Birthrates fell for nearly all racial and age groups, with only slight gains for women in their late 30s and early 40s, the CDC says.

These statistics must really suck for any business that generates revenue off of the maternity cohort.

Enter Destination Maternity Corporation ($DEST), a retailer of maternity apparel with a nationwide chain of specialty stores. As of May 4, 2019, the Moorestown New Jersey company had 998 retail locations, including 452 stores in the US, Canada and Puerto Rico, and an additional 546 leased departments located within department stores (eg., Macy’sBoscov’s) throughout the US and Canada. It has also been kicking around on distressed retail lists for quite some time now. Unfortunately, the business keeps deteriorating: last week the company joined a recent retail wave and reported some truly dogsh*t numbers.

The company reported Q1 ‘19 results that included (i) $94.2mm in sales, a $9mm YOY decrease (-8.7%), (ii) a 5.2% comp store sales decline, (iii) an 12.5% e-commerce sales decline, (iv) increased inventory (+$5.7mm), and (v) increased debt levels and interest expense (up ~$300K). Sales declines permeated throughout the enterprise, including leased department store sales. The only uptick in sales was in wholesale, which is primarily done through Amazon Inc. ($AMZN). On the plus side, the company enjoyed increased gross margin and meaningfully decreased SG&A (down 6.5%). Gross margin increased due to a pullback in promotional activity; nevertheless, gross profit declined by 6.9% due to the overall decrease in sales. As for SG&A, the reduction is attributable to employees getting the shaft and the company shedding leases like its 2019. Indeed, the company cut 32 stores and 88 leased department locations in the twelve month period. While the company wouldn’t articulate its portfolio strategy going forward, the company did expressly state that it expects additional store closures through the end of 2019.

So, what’s the debt look like? Well, for starters, this is a public company and so we don’t have a private equity sponsor strangling the company with too much debt, dividend recapitalizations, management fees and any of that other fun stuff. So, here, the company doesn’t have a patsy to blame for its woeful performance. Only itself and its revolving door of management teams.
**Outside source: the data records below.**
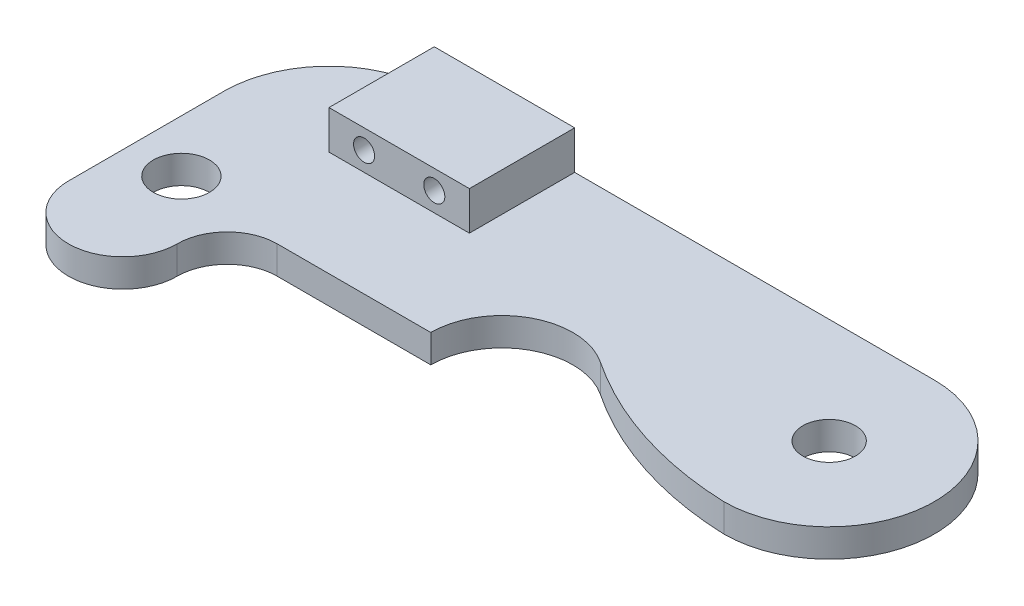
ISO-10303-21;
HEADER;
FILE_DESCRIPTION(('STEP AP214'),'2;1');
FILE_NAME('part.step','',(''),(''),'','','');
FILE_SCHEMA(('AUTOMOTIVE_DESIGN { 1 0 10303 214 1 1 1 1 }'));
ENDSEC;
DATA;
#1=APPLICATION_CONTEXT('core data for automotive mechanical design processes');
#2=APPLICATION_PROTOCOL_DEFINITION('international standard','automotive_design',2000,#1);
#3=PRODUCT_CONTEXT('',#1,'mechanical');
#4=PRODUCT('Part','Part','',(#3));
#5=PRODUCT_RELATED_PRODUCT_CATEGORY('part','',(#4));
#6=PRODUCT_DEFINITION_FORMATION('','',#4);
#7=PRODUCT_DEFINITION_CONTEXT('part definition',#1,'design');
#8=PRODUCT_DEFINITION('design','',#6,#7);
#9=PRODUCT_DEFINITION_SHAPE('','',#8);
#10=(LENGTH_UNIT() NAMED_UNIT(*) SI_UNIT(.MILLI.,.METRE.));
#11=(NAMED_UNIT(*) PLANE_ANGLE_UNIT() SI_UNIT($,.RADIAN.));
#12=(NAMED_UNIT(*) SI_UNIT($,.STERADIAN.) SOLID_ANGLE_UNIT());
#13=UNCERTAINTY_MEASURE_WITH_UNIT(LENGTH_MEASURE(1.E-05),#10,'distance_accuracy_value','');
#14=(GEOMETRIC_REPRESENTATION_CONTEXT(3) GLOBAL_UNCERTAINTY_ASSIGNED_CONTEXT((#13)) GLOBAL_UNIT_ASSIGNED_CONTEXT((#10,
#11,#12)) REPRESENTATION_CONTEXT('',''));
#15=CARTESIAN_POINT('',(0.,0.,0.));
#16=DIRECTION('',(0.,0.,1.));
#17=DIRECTION('',(1.,0.,0.));
#18=AXIS2_PLACEMENT_3D('',#15,#16,#17);
#19=CARTESIAN_POINT('',(33.0720854406885,1.6,0.));
#20=DIRECTION('',(1.,0.,0.));
#21=DIRECTION('',(0.,0.,-1.));
#22=AXIS2_PLACEMENT_3D('',#19,#20,#21);
#23=PLANE('',#22);
#24=DIRECTION('',(0.,0.,1.));
#25=VECTOR('',#24,1.);
#26=CARTESIAN_POINT('',(33.0720854406885,0.,0.));
#27=LINE('',#26,#25);
#28=CARTESIAN_POINT('',(33.0720854406885,0.,182.752493771732));
#29=VERTEX_POINT('',#28);
#30=CARTESIAN_POINT('',(33.0720854406885,0.,191.652493771732));
#31=VERTEX_POINT('',#30);
#32=EDGE_CURVE('E188',#29,#31,#27,.T.);
#33=ORIENTED_EDGE('',*,*,#32,.T.);
#34=DIRECTION('',(0.,-1.,0.));
#35=VECTOR('',#34,1.);
#36=CARTESIAN_POINT('',(33.0720854406885,1.6,191.652493771732));
#37=LINE('',#36,#35);
#38=CARTESIAN_POINT('',(33.0720854406885,1.6,191.652493771732));
#39=VERTEX_POINT('',#38);
#40=EDGE_CURVE('E225',#39,#31,#37,.T.);
#41=ORIENTED_EDGE('',*,*,#40,.F.);
#42=DIRECTION('',(0.,0.,1.));
#43=VECTOR('',#42,1.);
#44=CARTESIAN_POINT('',(33.0720854406885,1.6,0.));
#45=LINE('',#44,#43);
#46=CARTESIAN_POINT('',(33.0720854406885,1.6,182.752493771732));
#47=VERTEX_POINT('',#46);
#48=EDGE_CURVE('E165',#47,#39,#45,.T.);
#49=ORIENTED_EDGE('',*,*,#48,.F.);
#50=DIRECTION('',(0.,-1.,0.));
#51=VECTOR('',#50,1.);
#52=CARTESIAN_POINT('',(33.0720854406885,1.6,182.752493771732));
#53=LINE('',#52,#51);
#54=EDGE_CURVE('E184',#47,#29,#53,.T.);
#55=ORIENTED_EDGE('',*,*,#54,.T.);
#56=EDGE_LOOP('',(#33,#41,#49,#55));
#57=FACE_BOUND('',#56,.T.);
#58=ADVANCED_FACE('F34',(#57),#23,.F.);
#59=CARTESIAN_POINT('',(36.1720854406885,1.6,191.652493771732));
#60=DIRECTION('',(0.,-1.,0.));
#61=DIRECTION('',(0.,0.,-1.));
#62=AXIS2_PLACEMENT_3D('',#59,#60,#61);
#63=CYLINDRICAL_SURFACE('',#62,3.1);
#64=CARTESIAN_POINT('',(36.1720854406885,0.,191.652493771732));
#65=DIRECTION('',(0.,1.,0.));
#66=DIRECTION('',(0.,0.,1.));
#67=AXIS2_PLACEMENT_3D('',#64,#65,#66);
#68=CIRCLE('',#67,3.1);
#69=CARTESIAN_POINT('',(39.2720854406886,0.,191.652493771732));
#70=VERTEX_POINT('',#69);
#71=EDGE_CURVE('E191',#31,#70,#68,.T.);
#72=ORIENTED_EDGE('',*,*,#71,.T.);
#73=DIRECTION('',(0.,-1.,0.));
#74=VECTOR('',#73,1.);
#75=CARTESIAN_POINT('',(39.2720854406886,1.6,191.652493771732));
#76=LINE('',#75,#74);
#77=CARTESIAN_POINT('',(39.2720854406886,1.6,191.652493771732));
#78=VERTEX_POINT('',#77);
#79=EDGE_CURVE('E223',#78,#70,#76,.T.);
#80=ORIENTED_EDGE('',*,*,#79,.F.);
#81=CARTESIAN_POINT('',(36.1720854406885,1.6,191.652493771732));
#82=DIRECTION('',(0.,1.,0.));
#83=DIRECTION('',(0.,0.,1.));
#84=AXIS2_PLACEMENT_3D('',#81,#82,#83);
#85=CIRCLE('',#84,3.1);
#86=EDGE_CURVE('E168',#39,#78,#85,.T.);
#87=ORIENTED_EDGE('',*,*,#86,.F.);
#88=ORIENTED_EDGE('',*,*,#40,.T.);
#89=EDGE_LOOP('',(#72,#80,#87,#88));
#90=FACE_BOUND('',#89,.T.);
#91=ADVANCED_FACE('F230',(#90),#63,.T.);
#92=CARTESIAN_POINT('',(42.1220854406885,1.6,191.652493771732));
#93=DIRECTION('',(0.,-1.,0.));
#94=DIRECTION('',(0.,0.,-1.));
#95=AXIS2_PLACEMENT_3D('',#92,#93,#94);
#96=CYLINDRICAL_SURFACE('',#95,2.84999999999998);
#97=CARTESIAN_POINT('',(42.1220854406885,0.,191.652493771732));
#98=DIRECTION('',(0.,1.,0.));
#99=DIRECTION('',(0.,0.,1.));
#100=AXIS2_PLACEMENT_3D('',#97,#98,#99);
#101=CIRCLE('',#100,2.84999999999998);
#102=CARTESIAN_POINT('',(42.1220854406885,0.,188.802493771732));
#103=VERTEX_POINT('',#102);
#104=EDGE_CURVE('E194',#103,#70,#101,.T.);
#105=ORIENTED_EDGE('',*,*,#104,.F.);
#106=DIRECTION('',(0.,-1.,0.));
#107=VECTOR('',#106,1.);
#108=CARTESIAN_POINT('',(42.1220854406885,1.6,188.802493771732));
#109=LINE('',#108,#107);
#110=CARTESIAN_POINT('',(42.1220854406885,1.6,188.802493771732));
#111=VERTEX_POINT('',#110);
#112=EDGE_CURVE('E221',#111,#103,#109,.T.);
#113=ORIENTED_EDGE('',*,*,#112,.F.);
#114=CARTESIAN_POINT('',(42.1220854406885,1.6,191.652493771732));
#115=DIRECTION('',(0.,1.,0.));
#116=DIRECTION('',(0.,0.,1.));
#117=AXIS2_PLACEMENT_3D('',#114,#115,#116);
#118=CIRCLE('',#117,2.84999999999998);
#119=EDGE_CURVE('E170',#111,#78,#118,.T.);
#120=ORIENTED_EDGE('',*,*,#119,.T.);
#121=ORIENTED_EDGE('',*,*,#79,.T.);
#122=EDGE_LOOP('',(#105,#113,#120,#121));
#123=FACE_BOUND('',#122,.T.);
#124=ADVANCED_FACE('F242',(#123),#96,.F.);
#125=CARTESIAN_POINT('',(-5.98893930548641E-13,1.6,188.802493771732));
#126=DIRECTION('',(0.,0.,-1.));
#127=DIRECTION('',(-1.,0.,0.));
#128=AXIS2_PLACEMENT_3D('',#125,#126,#127);
#129=PLANE('',#128);
#130=DIRECTION('',(1.,0.,0.));
#131=VECTOR('',#130,1.);
#132=CARTESIAN_POINT('',(-5.98893930548641E-13,0.,188.802493771732));
#133=LINE('',#132,#131);
#134=CARTESIAN_POINT('',(50.8720854406885,0.,188.802493771732));
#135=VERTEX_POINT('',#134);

The company’s capital structure looks like this:

  • $50mm ‘23 Revolving Credit Facility (of which $26.2mm is funded and $6.297mm is outstanding as letters of credit)(Agent: Wells Fargo Bank NA). The company has $10.1mm of availability pursuant to its borrowing base limitation. In other words, the company’s lenders are increasingly minimizing their exposure by limiting the company’s ability to borrow the full extent of the committed facility. Indeed, the facility was, in connection with a 2018 amend and extend exercise, ratcheted down from $70mm. The lenders aren’t fooling around here. The weighted interest rate is 4.53%.

  • $25mm ‘23 Term Loan Facility (Agent: Pathlight Capital LLC). The interest rate is LIBOR plus 9%.

  • The company has a couple of other financing agreements totaling approximately $4mm.